# Budgies only play with finger?



## ChipAndSenu (Feb 27, 2018)

Hello, about 2 months ago I bought 2 budgies. When they finally started to trust me, I put my hand in it and they only “bite” me like if they were playing with my hand. I try to make the budgies perch on my finger, but they only step up to play with my thumb. Any ideas on how to continue?


----------



## RavensGryf (May 8, 2015)

Hi there :welcome: to Talk Budgies! 

They could be ‘biting’ you to either explore, or they’re not accepting your hand in their space. You can try holding a bit of millet spray, which is much more enticing to a budgie than your fingers. 

Also, make sure you are not progressing to fast. Go at the Budgies’ pace when it comes to building on trust. The millet or seed in your hand, a small favorite toy, etc. can help them associate you with ‘good’ things. 

Assure that they also have enough toys of different textures and appropriate size for them. Budgies also love swings. When you get a chance, we’d love to see your birds and their set up . 

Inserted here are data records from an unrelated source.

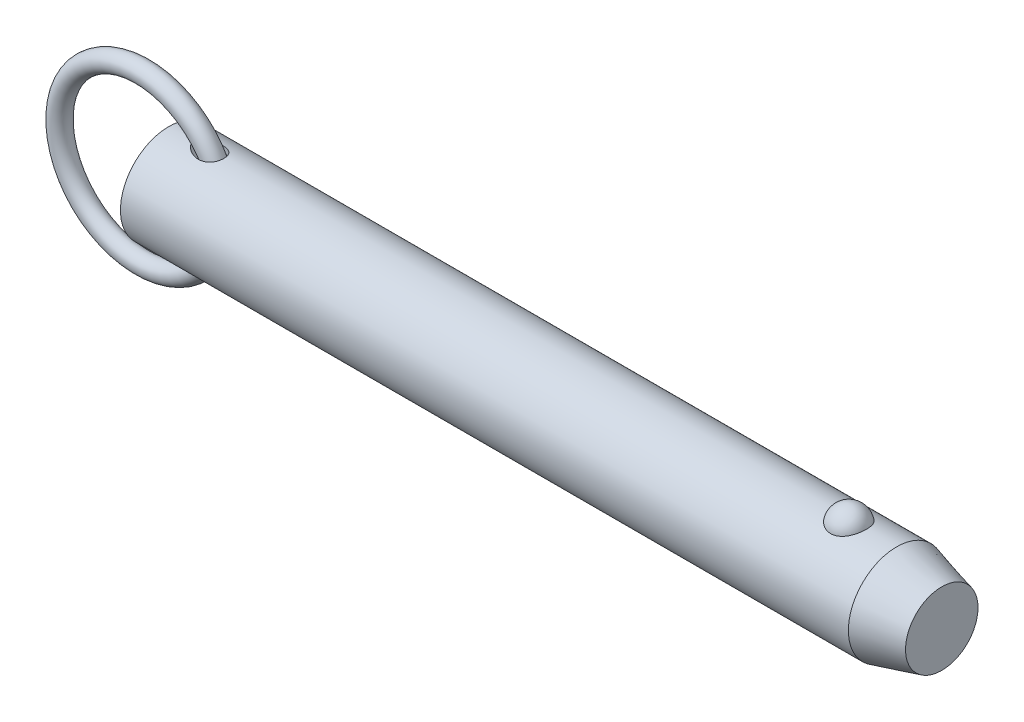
ISO-10303-21;
HEADER;
FILE_DESCRIPTION(('STEP AP214'),'2;1');
FILE_NAME('part.step','',(''),(''),'','','');
FILE_SCHEMA(('AUTOMOTIVE_DESIGN { 1 0 10303 214 1 1 1 1 }'));
ENDSEC;
DATA;
#1=APPLICATION_CONTEXT('core data for automotive mechanical design processes');
#2=APPLICATION_PROTOCOL_DEFINITION('international standard','automotive_design',2000,#1);
#3=PRODUCT_CONTEXT('',#1,'mechanical');
#4=PRODUCT('Part','Part','',(#3));
#5=PRODUCT_RELATED_PRODUCT_CATEGORY('part','',(#4));
#6=PRODUCT_DEFINITION_FORMATION('','',#4);
#7=PRODUCT_DEFINITION_CONTEXT('part definition',#1,'design');
#8=PRODUCT_DEFINITION('design','',#6,#7);
#9=PRODUCT_DEFINITION_SHAPE('','',#8);
#10=(LENGTH_UNIT() NAMED_UNIT(*) SI_UNIT(.MILLI.,.METRE.));
#11=(NAMED_UNIT(*) PLANE_ANGLE_UNIT() SI_UNIT($,.RADIAN.));
#12=(NAMED_UNIT(*) SI_UNIT($,.STERADIAN.) SOLID_ANGLE_UNIT());
#13=UNCERTAINTY_MEASURE_WITH_UNIT(LENGTH_MEASURE(1.E-05),#10,'distance_accuracy_value','');
#14=(GEOMETRIC_REPRESENTATION_CONTEXT(3) GLOBAL_UNCERTAINTY_ASSIGNED_CONTEXT((#13)) GLOBAL_UNIT_ASSIGNED_CONTEXT((#10,
#11,#12)) REPRESENTATION_CONTEXT('',''));
#15=CARTESIAN_POINT('',(0.,0.,0.));
#16=DIRECTION('',(0.,0.,1.));
#17=DIRECTION('',(1.,0.,0.));
#18=AXIS2_PLACEMENT_3D('',#15,#16,#17);
#19=CARTESIAN_POINT('',(-6.08699288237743,0.,0.));
#20=DIRECTION('',(0.,0.,1.));
#21=DIRECTION('',(1.,0.,0.));
#22=AXIS2_PLACEMENT_3D('',#19,#20,#21);
#23=TOROIDAL_SURFACE('',#22,19.05,2.223);
#24=CARTESIAN_POINT('',(15.1860071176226,0.,0.));
#25=VERTEX_POINT('',#24);
#26=VERTEX_LOOP('',#25);
#27=FACE_BOUND('',#26,.T.);
#28=ADVANCED_FACE('P0_F12',(#27),#23,.T.);
#29=CLOSED_SHELL('',(#28));
#30=MANIFOLD_SOLID_BREP('P0_B1',#29);
#31=CARTESIAN_POINT('',(0.,0.,0.));
#32=DIRECTION('',(1.,0.,0.));
#33=DIRECTION('',(0.,0.,-1.));
#34=AXIS2_PLACEMENT_3D('',#31,#32,#33);
#35=CYLINDRICAL_SURFACE('',#34,11.115);
#36=CARTESIAN_POINT('',(6.41405181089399,11.0227946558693,-1.4287136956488));
#37=CARTESIAN_POINT('',(6.49338916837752,11.0115377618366,-1.51556642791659));
#38=CARTESIAN_POINT('',(6.5776546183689,10.9998263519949,-1.59789397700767));
#39=CARTESIAN_POINT('',(6.75386647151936,10.9760304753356,-1.75391400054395));
#40=CARTESIAN_POINT('',(6.84582247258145,10.9639455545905,-1.82759540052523));
#41=CARTESIAN_POINT('',(7.03627827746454,10.9397989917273,-1.96698954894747));
#42=CARTESIAN_POINT('',(7.1348083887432,10.9277377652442,-2.03266078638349));
#43=CARTESIAN_POINT('',(7.33681032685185,10.9041015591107,-2.1558582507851));
#44=CARTESIAN_POINT('',(7.44028007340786,10.8925263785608,-2.21338786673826));
#45=CARTESIAN_POINT('',(7.64386117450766,10.8710104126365,-2.31666528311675));
#46=CARTESIAN_POINT('',(7.74368989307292,10.8610119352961,-2.36295942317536));
#47=CARTESIAN_POINT('',(7.94637195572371,10.8420168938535,-2.44863486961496));
#48=CARTESIAN_POINT('',(8.0492261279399,10.8330206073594,-2.48801426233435));
#49=CARTESIAN_POINT('',(8.3611557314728,10.807980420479,-2.59542730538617));
#50=CARTESIAN_POINT('',(8.57411849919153,10.7938278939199,-2.65299817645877));
#51=CARTESIAN_POINT('',(9.00825016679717,10.7725818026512,-2.73800108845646));
#52=CARTESIAN_POINT('',(9.22947335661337,10.7655491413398,-2.76517330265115));
#53=CARTESIAN_POINT('',(9.6736814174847,10.7605872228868,-2.78445308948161));
#54=CARTESIAN_POINT('',(9.89666486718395,10.7626512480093,-2.77658653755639));
#55=CARTESIAN_POINT('',(10.2950172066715,10.7754452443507,-2.72644436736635));
#56=CARTESIAN_POINT('',(10.4712789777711,10.7844280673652,-2.69109376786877));
#57=CARTESIAN_POINT('',(10.7292776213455,10.8024982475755,-2.61722365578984));
#58=CARTESIAN_POINT('',(10.8142337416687,10.8092901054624,-2.58911576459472));
#59=CARTESIAN_POINT('',(10.9813218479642,10.8242580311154,-2.52581287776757));
#60=CARTESIAN_POINT('',(11.0634550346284,10.8324335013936,-2.49062094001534));
#61=CARTESIAN_POINT('',(11.2247418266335,10.8500287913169,-2.41281958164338));
#62=CARTESIAN_POINT('',(11.3038694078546,10.8594572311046,-2.37015806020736));
#63=CARTESIAN_POINT('',(11.4576781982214,10.8792243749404,-2.27770403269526));
#64=CARTESIAN_POINT('',(11.5323615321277,10.8895626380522,-2.22791497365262));
#65=CARTESIAN_POINT('',(11.6765388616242,10.9108113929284,-2.12140590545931));
#66=CARTESIAN_POINT('',(11.7460329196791,10.9217218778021,-2.06468597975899));
#67=CARTESIAN_POINT('',(11.8790597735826,10.9437207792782,-1.94471764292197));
#68=CARTESIAN_POINT('',(11.9425932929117,10.9548091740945,-1.88147002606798));
#69=CARTESIAN_POINT('',(12.109388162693,10.9851999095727,-1.69784918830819));
#70=CARTESIAN_POINT('',(12.205655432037,11.0042655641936,-1.57093023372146));
#71=CARTESIAN_POINT('',(12.374151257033,11.0393391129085,-1.3017676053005));
#72=CARTESIAN_POINT('',(12.4463875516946,11.0553479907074,-1.15952888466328));
#73=CARTESIAN_POINT('',(12.5615818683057,11.0816338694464,-0.871972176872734));
#74=CARTESIAN_POINT('',(12.6058896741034,11.0921698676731,-0.727217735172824));
#75=CARTESIAN_POINT('',(12.6699315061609,11.1075802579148,-0.432089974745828));
#76=CARTESIAN_POINT('',(12.6896681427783,11.1124552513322,-0.281717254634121));
#77=CARTESIAN_POINT('',(12.704022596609,11.1159901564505,0.0188164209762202));
#78=CARTESIAN_POINT('',(12.6988836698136,11.1147102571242,0.168965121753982));
#79=CARTESIAN_POINT('',(12.6641681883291,11.1062126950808,0.466238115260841));
#80=CARTESIAN_POINT('',(12.6345920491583,11.0989951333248,0.61336245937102));
#81=CARTESIAN_POINT('',(12.5517453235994,11.0794095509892,0.900330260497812));
#82=CARTESIAN_POINT('',(12.4984878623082,11.0670443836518,1.0401777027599));
#83=CARTESIAN_POINT('',(12.3696588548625,11.0385082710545,1.308745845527));
#84=CARTESIAN_POINT('',(12.2940887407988,11.0223375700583,1.43746725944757));
#85=CARTESIAN_POINT('',(12.122380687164,10.987872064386,1.68079704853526));
#86=CARTESIAN_POINT('',(12.0261637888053,10.969569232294,1.79534850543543));
#87=CARTESIAN_POINT('',(11.8161707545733,10.932836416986,2.00695695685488));
#88=CARTESIAN_POINT('',(11.7023941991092,10.9144064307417,2.10401353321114));
#89=CARTESIAN_POINT('',(11.4575656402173,10.8788057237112,2.28105326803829));
#90=CARTESIAN_POINT('',(11.3261451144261,10.8616794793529,2.36053412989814));
#91=CARTESIAN_POINT('',(11.0523589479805,10.8308019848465,2.49839044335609));
#92=CARTESIAN_POINT('',(10.9099908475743,10.8170514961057,2.55676113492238));
#93=CARTESIAN_POINT('',(10.6060622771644,10.7929728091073,2.65666105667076));
#94=CARTESIAN_POINT('',(10.4438877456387,10.7830209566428,2.69640163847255));
#95=CARTESIAN_POINT('',(10.1154037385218,10.7687230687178,2.75293129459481));
#96=CARTESIAN_POINT('',(9.94909141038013,10.7643810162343,2.76970406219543));
#97=CARTESIAN_POINT('',(9.54387061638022,10.7604809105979,2.7848723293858));
#98=CARTESIAN_POINT('',(9.30446860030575,10.7637793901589,2.77227753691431));
#99=CARTESIAN_POINT('',(8.94961255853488,10.7757341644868,2.72524141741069));
#100=CARTESIAN_POINT('',(8.83186896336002,10.7808994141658,2.70482239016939));
#101=CARTESIAN_POINT('',(8.59835142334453,10.7932548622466,2.65509992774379));
#102=CARTESIAN_POINT('',(8.48257728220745,10.8004448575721,2.62579738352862));
#103=CARTESIAN_POINT('',(8.25208469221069,10.8166382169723,2.55827624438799));
#104=CARTESIAN_POINT('',(8.1374021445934,10.8256649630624,2.51994155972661));
#105=CARTESIAN_POINT('',(7.91132058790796,10.8451170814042,2.43486475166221));
#106=CARTESIAN_POINT('',(7.79992154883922,10.8555424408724,2.38812270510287));
#107=CARTESIAN_POINT('',(7.58115677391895,10.8774251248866,2.28638483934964));
#108=CARTESIAN_POINT('',(7.47378802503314,10.8888816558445,2.23139534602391));
#109=CARTESIAN_POINT('',(7.26385624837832,10.9124540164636,2.11310265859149));
#110=CARTESIAN_POINT('',(7.16129168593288,10.9245696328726,2.04980214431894));
#111=CARTESIAN_POINT('',(6.91882218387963,10.9543689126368,1.88540538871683));
#112=CARTESIAN_POINT('',(6.78193778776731,10.9721958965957,1.77979827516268));
#113=CARTESIAN_POINT('',(6.52472441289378,11.0070222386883,1.54989693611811));
#114=CARTESIAN_POINT('',(6.40436902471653,11.0240228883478,1.42563320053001));
#115=CARTESIAN_POINT('',(6.21838804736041,11.0509658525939,1.19529359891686));
#116=CARTESIAN_POINT('',(6.14691885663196,11.0615430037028,1.09404520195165));
#117=CARTESIAN_POINT('',(6.0204349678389,11.0805004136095,0.881508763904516));
#118=CARTESIAN_POINT('',(5.96539400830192,11.0888841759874,0.770237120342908));
#119=CARTESIAN_POINT('',(5.88475453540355,11.1012553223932,0.560577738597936));
#120=CARTESIAN_POINT('',(5.85559643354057,11.1057686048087,0.463603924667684));
#121=CARTESIAN_POINT('',(5.81381299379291,11.1122523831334,0.266083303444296));
#122=CARTESIAN_POINT('',(5.80117118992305,11.1142254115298,0.165540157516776));
#123=CARTESIAN_POINT('',(5.79363815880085,11.1153999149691,-0.0364747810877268));
#124=CARTESIAN_POINT('',(5.79878799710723,11.1145949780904,-0.137948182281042));
#125=CARTESIAN_POINT('',(5.82639592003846,11.1102987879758,-0.338493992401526));
#126=CARTESIAN_POINT('',(5.8488723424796,11.1068046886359,-0.437563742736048));
#127=CARTESIAN_POINT('',(5.91510741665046,11.0965857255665,-0.649968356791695));
#128=CARTESIAN_POINT('',(5.96220905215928,11.0893566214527,-0.7622229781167));
#129=CARTESIAN_POINT('',(6.0737844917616,11.072471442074,-0.977396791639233));
#130=CARTESIAN_POINT('',(6.13826787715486,11.0628140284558,-1.08031079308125));
#131=CARTESIAN_POINT('',(6.24101077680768,11.0477136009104,-1.2219580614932));
#132=CARTESIAN_POINT('',(6.27403486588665,11.042895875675,-1.26469183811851));
#133=CARTESIAN_POINT('',(6.34238022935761,11.0330152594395,-1.34817011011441));
#134=CARTESIAN_POINT('',(6.37769867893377,11.0279526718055,-1.38891694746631));
#135=CARTESIAN_POINT('',(6.41405181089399,11.0227946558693,-1.4287136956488));
#136=B_SPLINE_CURVE_WITH_KNOTS('',3,(#36,#37,#38,#39,#40,#41,#42,#43,#44,#45,#46,#47,#48,#49,
#50,#51,#52,#53,#54,#55,#56,#57,#58,#59,#60,#61,#62,#63,#64,#65,#66,#67,#68,#69,#70,#71,#72,#73,
#74,#75,#76,#77,#78,#79,#80,#81,#82,#83,#84,#85,#86,#87,#88,#89,#90,#91,#92,#93,#94,#95,#96,#97,
#98,#99,#100,#101,#102,#103,#104,#105,#106,#107,#108,#109,#110,#111,#112,#113,#114,#115,#116,
#117,#118,#119,#120,#121,#122,#123,#124,#125,#126,#127,#128,#129,#130,#131,#132,#133,#134,#135),
.UNSPECIFIED.,.T.,.F.,(4,2,2,2,2,2,2,2,2,2,2,2,2,2,2,2,2,2,2,2,2,2,2,2,2,2,2,2,2,2,2,2,2,2,2,2,
2,2,2,2,2,2,2,2,2,2,2,2,2,4),(0.,0.354433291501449,0.709315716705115,1.0659654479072,
1.42246628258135,1.75367157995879,2.08496839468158,2.74582009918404,3.41227815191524,
4.07824412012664,4.61583787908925,4.88478112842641,5.1536085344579,5.42439170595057,
5.69504436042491,5.96569375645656,6.23631025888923,6.71490729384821,7.19335005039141,
7.64641437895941,8.09943057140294,8.54802575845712,8.99661331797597,9.44495256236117,
9.89326303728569,10.3433195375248,10.7933867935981,11.2550086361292,11.7167345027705,
12.2165866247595,12.7167934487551,13.4318876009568,13.7904664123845,14.1490092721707,
14.5124394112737,14.8758662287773,15.239015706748,15.6020483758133,16.1219860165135,
16.6410830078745,17.0130520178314,17.3844231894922,17.6872330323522,17.9897407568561,
18.2929471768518,18.5964749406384,18.9603532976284,19.3244326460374,19.4870338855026,
19.649438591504),.UNSPECIFIED.);
#137=CARTESIAN_POINT('',(6.41405181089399,11.0227946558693,-1.4287136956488));
#138=VERTEX_POINT('',#137);
#139=EDGE_CURVE('P1_E40',#138,#138,#136,.T.);
#140=ORIENTED_EDGE('',*,*,#139,.T.);
#141=EDGE_LOOP('',(#140));
#142=FACE_BOUND('',#141,.T.);
#143=CARTESIAN_POINT('',(167.429563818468,0.,0.));
#144=DIRECTION('',(1.,0.,0.));
#145=DIRECTION('',(0.,0.,-1.));
#146=AXIS2_PLACEMENT_3D('',#143,#144,#145);
#147=CIRCLE('',#146,11.115);
#148=CARTESIAN_POINT('',(167.429563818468,0.,-11.115));
#149=VERTEX_POINT('',#148);
#150=EDGE_CURVE('P1_E25',#149,#149,#147,.T.);
#151=ORIENTED_EDGE('',*,*,#150,.F.);
#152=EDGE_LOOP('',(#151));
#153=FACE_BOUND('',#152,.T.);
#154=CARTESIAN_POINT('',(0.,0.,0.));
#155=DIRECTION('',(1.,0.,0.));
#156=DIRECTION('',(0.,0.,-1.));
#157=AXIS2_PLACEMENT_3D('',#154,#155,#156);
#158=CIRCLE('',#157,11.115);
#159=CARTESIAN_POINT('',(0.,0.,-11.115));
#160=VERTEX_POINT('',#159);
#161=EDGE_CURVE('P1_E9',#160,#160,#158,.T.);
#162=ORIENTED_EDGE('',*,*,#161,.T.);
#163=EDGE_LOOP('',(#162));
#164=FACE_BOUND('',#163,.T.);
#165=CARTESIAN_POINT('',(156.431068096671,10.3028087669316,4.17077409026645));
#166=CARTESIAN_POINT('',(156.214775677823,10.3028003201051,4.17078240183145));
#167=CARTESIAN_POINT('',(155.998548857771,10.3098895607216,4.15340593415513));
#168=CARTESIAN_POINT('',(155.572540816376,10.3373834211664,4.08449540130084));
#169=CARTESIAN_POINT('',(155.362757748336,10.3577841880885,4.03297121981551));
#170=CARTESIAN_POINT('',(154.955782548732,10.4095237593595,3.89746513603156));
#171=CARTESIAN_POINT('',(154.758572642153,10.4408466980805,3.81353029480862));
#172=CARTESIAN_POINT('',(154.381338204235,10.5110236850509,3.61560339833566));
#173=CARTESIAN_POINT('',(154.201317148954,10.5498792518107,3.50160528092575));
#174=CARTESIAN_POINT('',(153.857684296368,10.6322884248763,3.24292464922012));
#175=CARTESIAN_POINT('',(153.694686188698,10.6759443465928,3.09746040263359));
#176=CARTESIAN_POINT('',(153.394591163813,10.7625291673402,2.7817192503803));
#177=CARTESIAN_POINT('',(153.257499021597,10.8054579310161,2.61143778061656));
#178=CARTESIAN_POINT('',(153.006408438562,10.8881935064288,2.24226695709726));
#179=CARTESIAN_POINT('',(152.893710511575,10.9277761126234,2.04244123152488));
#180=CARTESIAN_POINT('',(152.701777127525,10.997484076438,1.62578254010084));
#181=CARTESIAN_POINT('',(152.622544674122,11.0276085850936,1.40894804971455));
#182=CARTESIAN_POINT('',(152.498303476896,11.0756732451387,0.961250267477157));
#183=CARTESIAN_POINT('',(152.453760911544,11.0934470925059,0.730239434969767));
#184=CARTESIAN_POINT('',(152.401569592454,11.1143331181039,0.263439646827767));
#185=CARTESIAN_POINT('',(152.393920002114,11.1174456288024,0.0276507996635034));
#186=CARTESIAN_POINT('',(152.41561056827,11.1087161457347,-0.44072963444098));
#187=CARTESIAN_POINT('',(152.444762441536,11.0969502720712,-0.673331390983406));
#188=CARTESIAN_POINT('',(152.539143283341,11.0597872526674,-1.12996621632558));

To familiarize yourself with the forum, we (staff) ask that you take some time to read through the Stickies posts at the top portion on the forum sections, as well as the material in the Articles section. There you’ll find a ton of useful information, and answers to some of the more commonly asked questions. 

See you around :wave:


----------



## FaeryBee (May 9, 2011)

*Hi! :welcome: to Talk Budgies

Please take the time to read through the Site Guidelines, all of the How To Guides, the FAQs, the Budgie Articles and the stickies located at the top of each section of the forum.

Truly, the very BEST advice anyone can offer you is to take the time to read ALL of the stickies throughout the various Talk Budgie forums as well as the Budgie Articles we have posted.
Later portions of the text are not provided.